EXERCISE PROMPT ->
Pick out all lines in the listing holding the string "close" and copy them.

DATASET RECORDS ->
Content starts

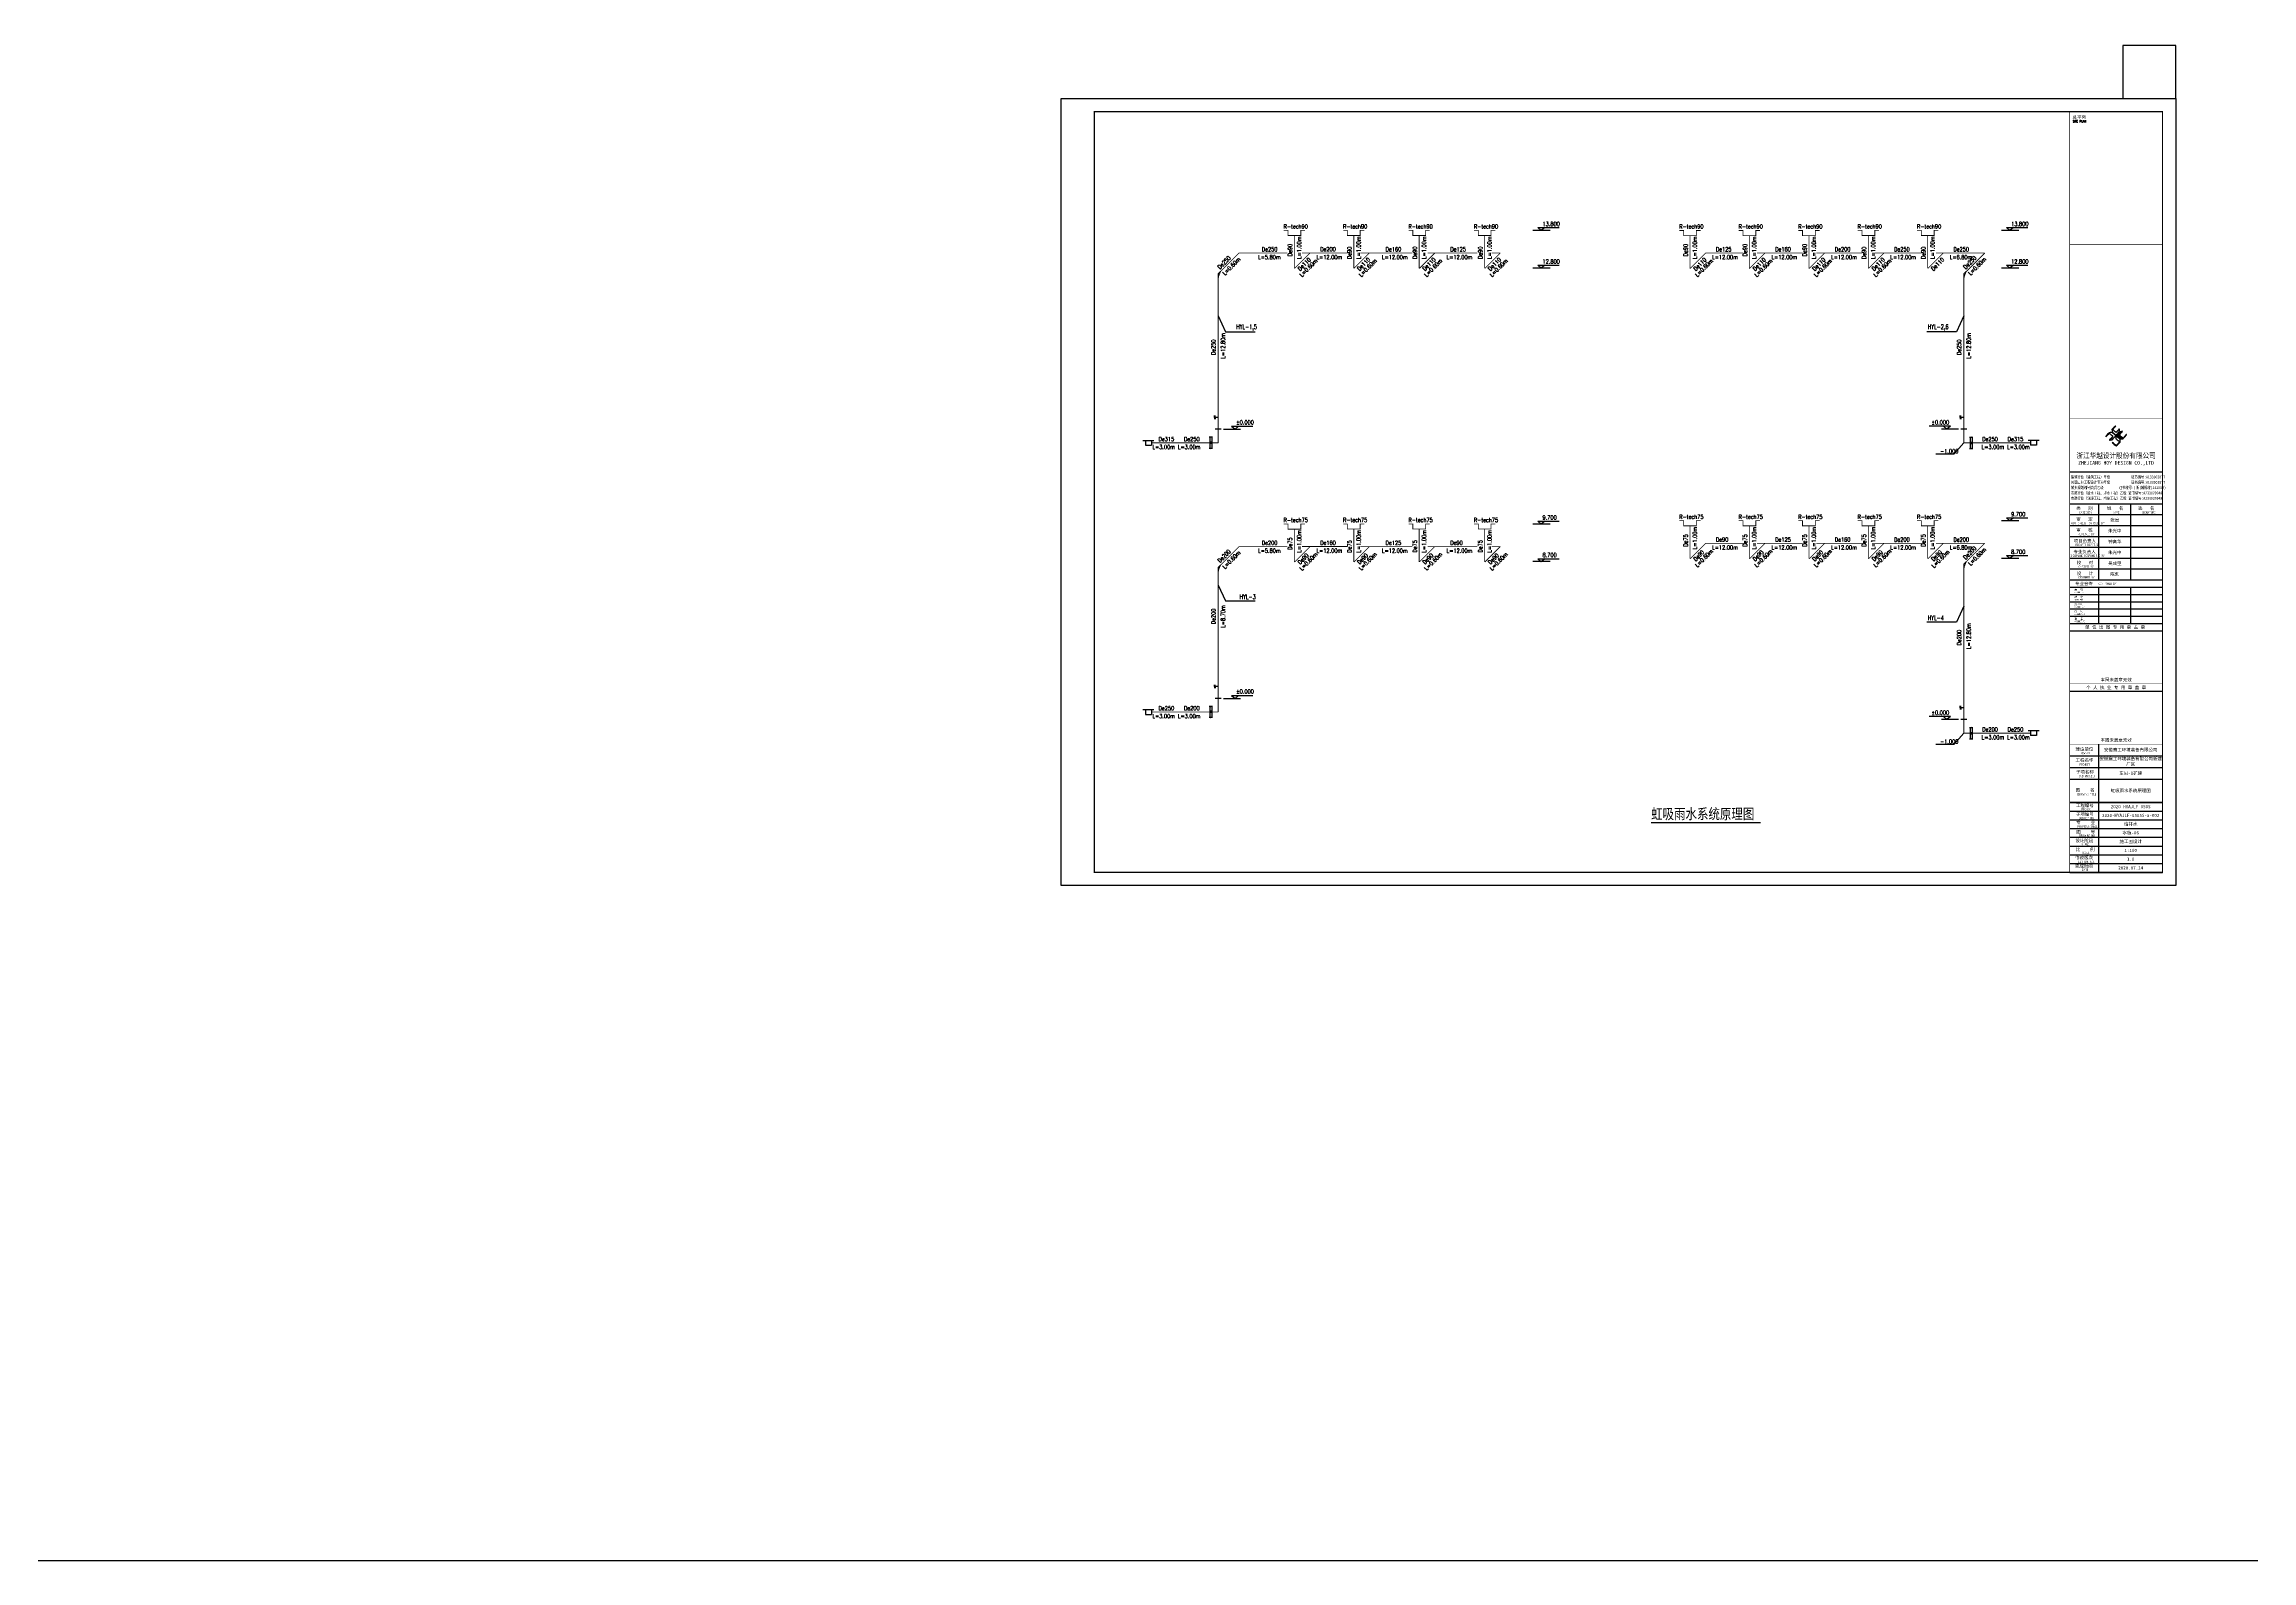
# Model space of a CAD drawing. Extents: x 1635833 to 4277885, y 16914845 to 35313750.
# Drawn here: x 2110034 to 2276615, y 17357970 to 17472435 of the extents above; entities that cross this region are included whole.
import ezdxf
from ezdxf.enums import TextEntityAlignment as Align

# ---------------------------------------------------------------- set-up
doc = ezdxf.new("R2010")
doc.units = 0
doc.header["$LTSCALE"] = 1000
doc.header["$MEASUREMENT"] = 0
for name, color, linetype in [('DIM_SYMB', 165, 'Continuous'), ('DIM_雨水', 3, 'Continuous'), ('PUB_TEXT', 7, 'Continuous'), ('PUB_TITLE', 4, 'Continuous'), ('TK', 4, 'Continuous'), ('TWT_TEXT', 7, 'Continuous'), ('WSL-bgbz', 7, 'Continuous'), ('WSL-gdcd', 7, 'Continuous'), ('WSL-gdgj', 7, 'Continuous'), ('WSL-xhbz', 7, 'Continuous'), ('WSL-xtpj', 7, 'Continuous'), ('WSL-xttg', 7, 'Continuous')]:
    doc.layers.add(name, color=color, linetype=linetype)
doc.styles.add('-宋体', font='', dxfattribs={"width": 0.8})
doc.styles.add('_TWT_SERIAL', font='COMPLEX', dxfattribs={"width": 0.8, "height": 3, "bigfont": 'HZTXT'})
doc.styles.add('HT', font='simhei.ttf', dxfattribs={"width": 0.7})
doc.styles.add('HZTXT', font='romans', dxfattribs={"width": 0.7, "bigfont": 'hztxt'})
doc.styles.add('ROMANS', font='romans', dxfattribs={"width": 0.65, "height": 231.275})
doc.styles.add('TSSD_REIN', font='tssdeng.shx', dxfattribs={"width": 0.7, "bigfont": 'tssdchn.shx'})
doc.styles.add('图签宋体', font='', dxfattribs={"height": 300})
doc.styles.add('图签黑体', font='simhei.ttf', dxfattribs={"height": 550})
doc.styles.get('-宋体').set_extended_font_data('SimSun')
doc.styles.get('图签宋体').set_extended_font_data('NSimSun')

# ---------------------------------------------------------------- blocks, each defined once
blk = doc.blocks.new('BIAOGAO')
for p, q in [((-559197, 153224), (-557591, 153224)), ((-559197, 153224), (-558934, 153000)), ((-558671, 153224), (-558934, 153000))]:
    blk.add_line(p, q)
blk = doc.blocks.new('建筑外墙3')
at = {"layer": 'WSL-xtpj'}
for p, q in [((-217, 426), (-86, 426)), ((-151, 426), (-151, -426)), ((-151, 49), (0, 49)), ((-61, 448), (-86, 426)), ((-78, 410), (-61, 448)), ((-53, 426), (-78, 410)), ((-53, 426), (53, 426)), ((0, 426), (0, -426)), ((-217, -426), (-86, -426)), ((-151, -42), (0, -42)), ((-60, -405), (-86, -426)), ((-77, -443), (-60, -405)), ((-53, -426), (-77, -443)), ((-53, -426), (53, -426))]:
    blk.add_line(p, q, dxfattribs=at)
blk = doc.blocks.new('雨水井1')
at = {"layer": 'WSL-xtpj'}
for p, q in [((638, 181), (-189, 181)), ((0, 181), (0, -181)), ((449, 181), (449, -181)), ((449, -181), (0, -181))]:
    blk.add_line(p, q, dxfattribs=at)
blk = doc.blocks.new('A$C053D6479')
at = {"layer": 'PUB_TITLE'}
h = blk.add_hatch(color=256, dxfattribs=at)
h.dxf.hatch_style = 1
edge = h.paths.add_edge_path()
edge.add_spline(control_points=[(1026, 827), (1105, 920), (1188, 1008), (1266, 1102)], knot_values=[13, 13, 13, 13, 14, 14, 14, 14], degree=3, periodic=0)
edge.add_spline(control_points=[(1266, 1102), (1258, 1111), (1249, 1119), (1239, 1116)], knot_values=[12, 12, 12, 12, 13, 13, 13, 13], degree=3, periodic=0)
edge.add_spline(control_points=[(1239, 1116), (1210, 1107), (1179, 1092), (1144, 1077)], knot_values=[11, 11, 11, 11, 12, 12, 12, 12], degree=3, periodic=0)
edge.add_spline(control_points=[(1144, 1077), (1109, 1063), (1069, 1053), (1047, 1038)], knot_values=[10, 10, 10, 10, 11, 11, 11, 11], degree=3, periodic=0)
edge.add_spline(control_points=[(1047, 1038), (1028, 1026), (1007, 992), (991, 972)], knot_values=[9, 9, 9, 9, 10, 10, 10, 10], degree=3, periodic=0)
edge.add_spline(control_points=[(991, 972), (942, 913), (899, 868), (849, 810)], knot_values=[8, 8, 8, 8, 9, 9, 9, 9], degree=3, periodic=0)
edge.add_spline(control_points=[(849, 810), (842, 801), (822, 776), (822, 775)], knot_values=[7, 7, 7, 7, 8, 8, 8, 8], degree=3, periodic=0)
edge.add_spline(control_points=[(822, 775), (823, 771), (848, 752), (859, 744)], knot_values=[6, 6, 6, 6, 7, 7, 7, 7], degree=3, periodic=0)
edge.add_spline(control_points=[(859, 744), (949, 670), (1035, 592), (1122, 521)], knot_values=[5, 5, 5, 5, 6, 6, 6, 6], degree=3, periodic=0)
edge.add_spline(control_points=[(1122, 521), (1153, 527), (1185, 530), (1217, 533)], knot_values=[4, 4, 4, 4, 5, 5, 5, 5], degree=3, periodic=0)
edge.add_spline(control_points=[(1217, 533), (1246, 535), (1293, 532), (1316, 542)], knot_values=[3, 3, 3, 3, 4, 4, 4, 4], degree=3, periodic=0)
edge.add_spline(control_points=[(1316, 542), (1327, 547), (1338, 565), (1349, 579)], knot_values=[2, 2, 2, 2, 3, 3, 3, 3], degree=3, periodic=0)
edge.add_spline(control_points=[(1349, 579), (1423, 670), (1507, 759), (1572, 848)], knot_values=[1, 1, 1, 1, 2, 2, 2, 2], degree=3, periodic=0)
edge.add_spline(control_points=[(1572, 848), (1564, 852), (1561, 861), (1551, 862)], knot_values=[0, 0, 0, 0, 1, 1, 1, 1], degree=3, periodic=0)
edge.add_spline(control_points=[(1551, 862), (1469, 769), (1393, 671), (1310, 579)], knot_values=[15, 15, 15, 15, 16, 16, 16, 16], degree=3, periodic=0)
edge.add_spline(control_points=[(1310, 579), (1216, 662), (1118, 742), (1026, 827)], knot_values=[14, 14, 14, 14, 15, 15, 15, 15], degree=3, periodic=0)
at = {"layer": 'TK'}
for points, knots in [([(555, 949), (624, 891), (699, 833), (760, 773), (689, 691), (614, 604), (539, 517), (529, 505), (516, 487), (506, 482), (492, 475), (469, 472), (452, 467), (416, 456), (383, 448), (342, 438), (323, 433), (297, 422), (293, 440), (291, 452), (313, 470), (322, 480), (400, 566), (477, 652), (553, 736), (460, 815), (366, 894), (270, 970), (183, 883), (101, 791), (16, 703), (-18, 714), (9, 735), (28, 755), (103, 838), (192, 930), (266, 1005), (319, 1009), (387, 1005), (442, 1007), (456, 1008), (472, 1011), (485, 1007), (507, 1000), (534, 967), (555, 949)], [0, 0, 0, 0, 1, 1, 1, 2, 2, 2, 3, 3, 3, 4, 4, 4, 5, 5, 5, 6, 6, 6, 7, 7, 7, 8, 8, 8, 9, 9, 9, 10, 10, 10, 11, 11, 11, 12, 12, 12, 13, 13, 13, 14, 14, 14, 15, 15, 15, 15]), ([(1031, 1298), (1066, 1286), (1054, 1262), (1045, 1224), (1036, 1188), (1031, 1158), (1024, 1121), (1020, 1104), (1017, 1085), (1012, 1071), (1004, 1052), (976, 1026), (956, 1003), (906, 946), (866, 899), (814, 839), (806, 829), (789, 806), (787, 806), (777, 804), (728, 856), (719, 864), (651, 922), (580, 978), (514, 1036), (509, 1106), (488, 1176), (479, 1247), (570, 1343), (663, 1436), (758, 1526), (764, 1523), (768, 1518), (774, 1515), (693, 1422), (599, 1343), (520, 1249), (607, 1171), (698, 1096), (789, 1021), (874, 1109), (950, 1206), (1031, 1298)], [0, 0, 0, 0, 1, 1, 1, 2, 2, 2, 3, 3, 3, 4, 4, 4, 5, 5, 5, 6, 6, 6, 7, 7, 7, 8, 8, 8, 9, 9, 9, 10, 10, 10, 11, 11, 11, 12, 12, 12, 13, 13, 13, 14, 14, 14, 14]), ([(1097, 490), (1100, 425), (1106, 361), (1107, 294), (1018, 207), (925, 121), (830, 33), (818, 21), (800, 0), (787, 0), (768, -1), (725, 49), (712, 60), (662, 103), (616, 143), (568, 186), (545, 207), (518, 224), (499, 250), (501, 259), (511, 261), (516, 267), (609, 192), (696, 111), (785, 33), (883, 118), (977, 208), (1070, 298), (992, 373), (892, 456), (803, 534), (791, 544), (768, 561), (766, 569), (761, 588), (776, 634), (780, 655), (785, 690), (788, 721), (795, 746), (897, 661), (998, 576), (1097, 490)], [0, 0, 0, 0, 1, 1, 1, 2, 2, 2, 3, 3, 3, 4, 4, 4, 5, 5, 5, 6, 6, 6, 7, 7, 7, 8, 8, 8, 9, 9, 9, 10, 10, 10, 11, 11, 11, 12, 12, 12, 13, 13, 13, 14, 14, 14, 14]), ([(1551, 862), (1561, 861), (1564, 852), (1572, 848), (1507, 759), (1423, 670), (1349, 579), (1338, 565), (1327, 547), (1316, 542), (1293, 532), (1246, 535), (1217, 533), (1185, 530), (1153, 527), (1122, 521), (1035, 592), (949, 670), (859, 744), (848, 752), (823, 771), (822, 775), (822, 776), (842, 801), (849, 810), (899, 868), (942, 913), (991, 972), (1007, 992), (1028, 1026), (1047, 1038), (1069, 1053), (1109, 1063), (1144, 1077), (1179, 1092), (1210, 1107), (1239, 1116), (1249, 1119), (1258, 1111), (1266, 1102), (1188, 1008), (1105, 920), (1026, 827), (1118, 742), (1216, 662), (1310, 579), (1393, 671), (1469, 769), (1551, 862)], [0, 0, 0, 0, 1, 1, 1, 2, 2, 2, 3, 3, 3, 4, 4, 4, 5, 5, 5, 6, 6, 6, 7, 7, 7, 8, 8, 8, 9, 9, 9, 10, 10, 10, 11, 11, 11, 12, 12, 12, 13, 13, 13, 14, 14, 14, 15, 15, 15, 16, 16, 16, 16])]:
    blk.add_open_spline(points, degree=3, knots=knots, dxfattribs=at)
blk = doc.blocks.new('GeYuanFrame_18068708', base_point=(20.1, 4.5))
at = {"layer": 'PUB_TITLE'}
for points in [[(803.1, 235.3), (803.1, 292.7)], [(827.1, 235.3), (827.1, 292.7)], [(803.1, 202.3), (803.1, 229.8)], [(827.1, 202.3), (827.1, 229.8)], [(803.1, 14.5), (803.1, 111.3)]]:
    blk.add_lwpolyline(points, dxfattribs=at)
at = {"layer": 'TK'}
for p, q in [((781.1, 316.9), (851.1, 316.9)), ((781.1, 284.5), (851.1, 284.5)), ((781.1, 276.3), (851.1, 276.3)), ((781.1, 268.1), (851.1, 268.1)), ((781.1, 259.9), (851.1, 259.9)), ((781.1, 251.7), (851.1, 251.7)), ((781.1, 243.5), (851.1, 243.5)), ((781.1, 235.3), (851.1, 235.3)), ((781.1, 235.3), (851.1, 235.3)), ((781.1, 102.5), (851.1, 102.5)), ((781.1, 93.7), (851.1, 93.7)), ((781.1, 84.9), (803.1, 84.9)), ((781.1, 84.9), (851.1, 84.9)), ((781.1, 67.4), (851.1, 67.4)), ((781.1, 67.3), (851.1, 67.3)), ((781.1, 60.8), (851.1, 60.8)), ((781.1, 54.2), (851.1, 54.2)), ((781.1, 47.6), (851.1, 47.6)), ((781.1, 41), (851.1, 41)), ((781.1, 34.4), (851.1, 34.4)), ((781.1, 27.8), (851.1, 27.8)), ((781.1, 21.2), (851.1, 21.2)), ((781.1, 14.5), (851.1, 14.5))]:
    blk.add_line(p, q, dxfattribs=at)
blk.add_lwpolyline([(20.1, 4.5), (20.1, 598.5), (861.1, 598.5), (861.1, 4.5)], close=True, dxfattribs=at)
at = {"layer": 'TK', "const_width": 1}
blk.add_lwpolyline([(45.1, 588.5), (851.1, 588.5), (851.1, 14.5), (45.1, 14.5)], close=True, dxfattribs=at)
at = {"layer": 'TK'}
for points, const_width in [([(781.1, 588.5), (781.1, 14.5)], 0.4), ([(781.1, 488.5), (851.1, 488.5)], 0.35), ([(781.1, 357.1), (851.1, 357.1)], 0.35), ([(781.1, 292.7), (851.1, 292.7)], 0.35), ([(781.1, 292.7), (851.1, 292.7)], 0.35), ([(781.1, 235.3), (851.1, 235.3)], 0.35), ([(781.1, 202.3), (851.1, 202.3)], 0.35), ([(781.1, 156.8), (851.1, 156.8)], 0.35), ([(781.1, 111.3), (851.1, 111.3)], 0.35), ([(781.1, 67.4), (851.1, 67.4)], 0.35)]:
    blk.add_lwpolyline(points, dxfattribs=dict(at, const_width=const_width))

Content ends

TASK ANSWER ->
blk.add_lwpolyline([(20.1, 4.5), (20.1, 598.5), (861.1, 598.5), (861.1, 4.5)], close=True, dxfattribs=at)
blk.add_lwpolyline([(45.1, 588.5), (851.1, 588.5), (851.1, 14.5), (45.1, 14.5)], close=True, dxfattribs=at)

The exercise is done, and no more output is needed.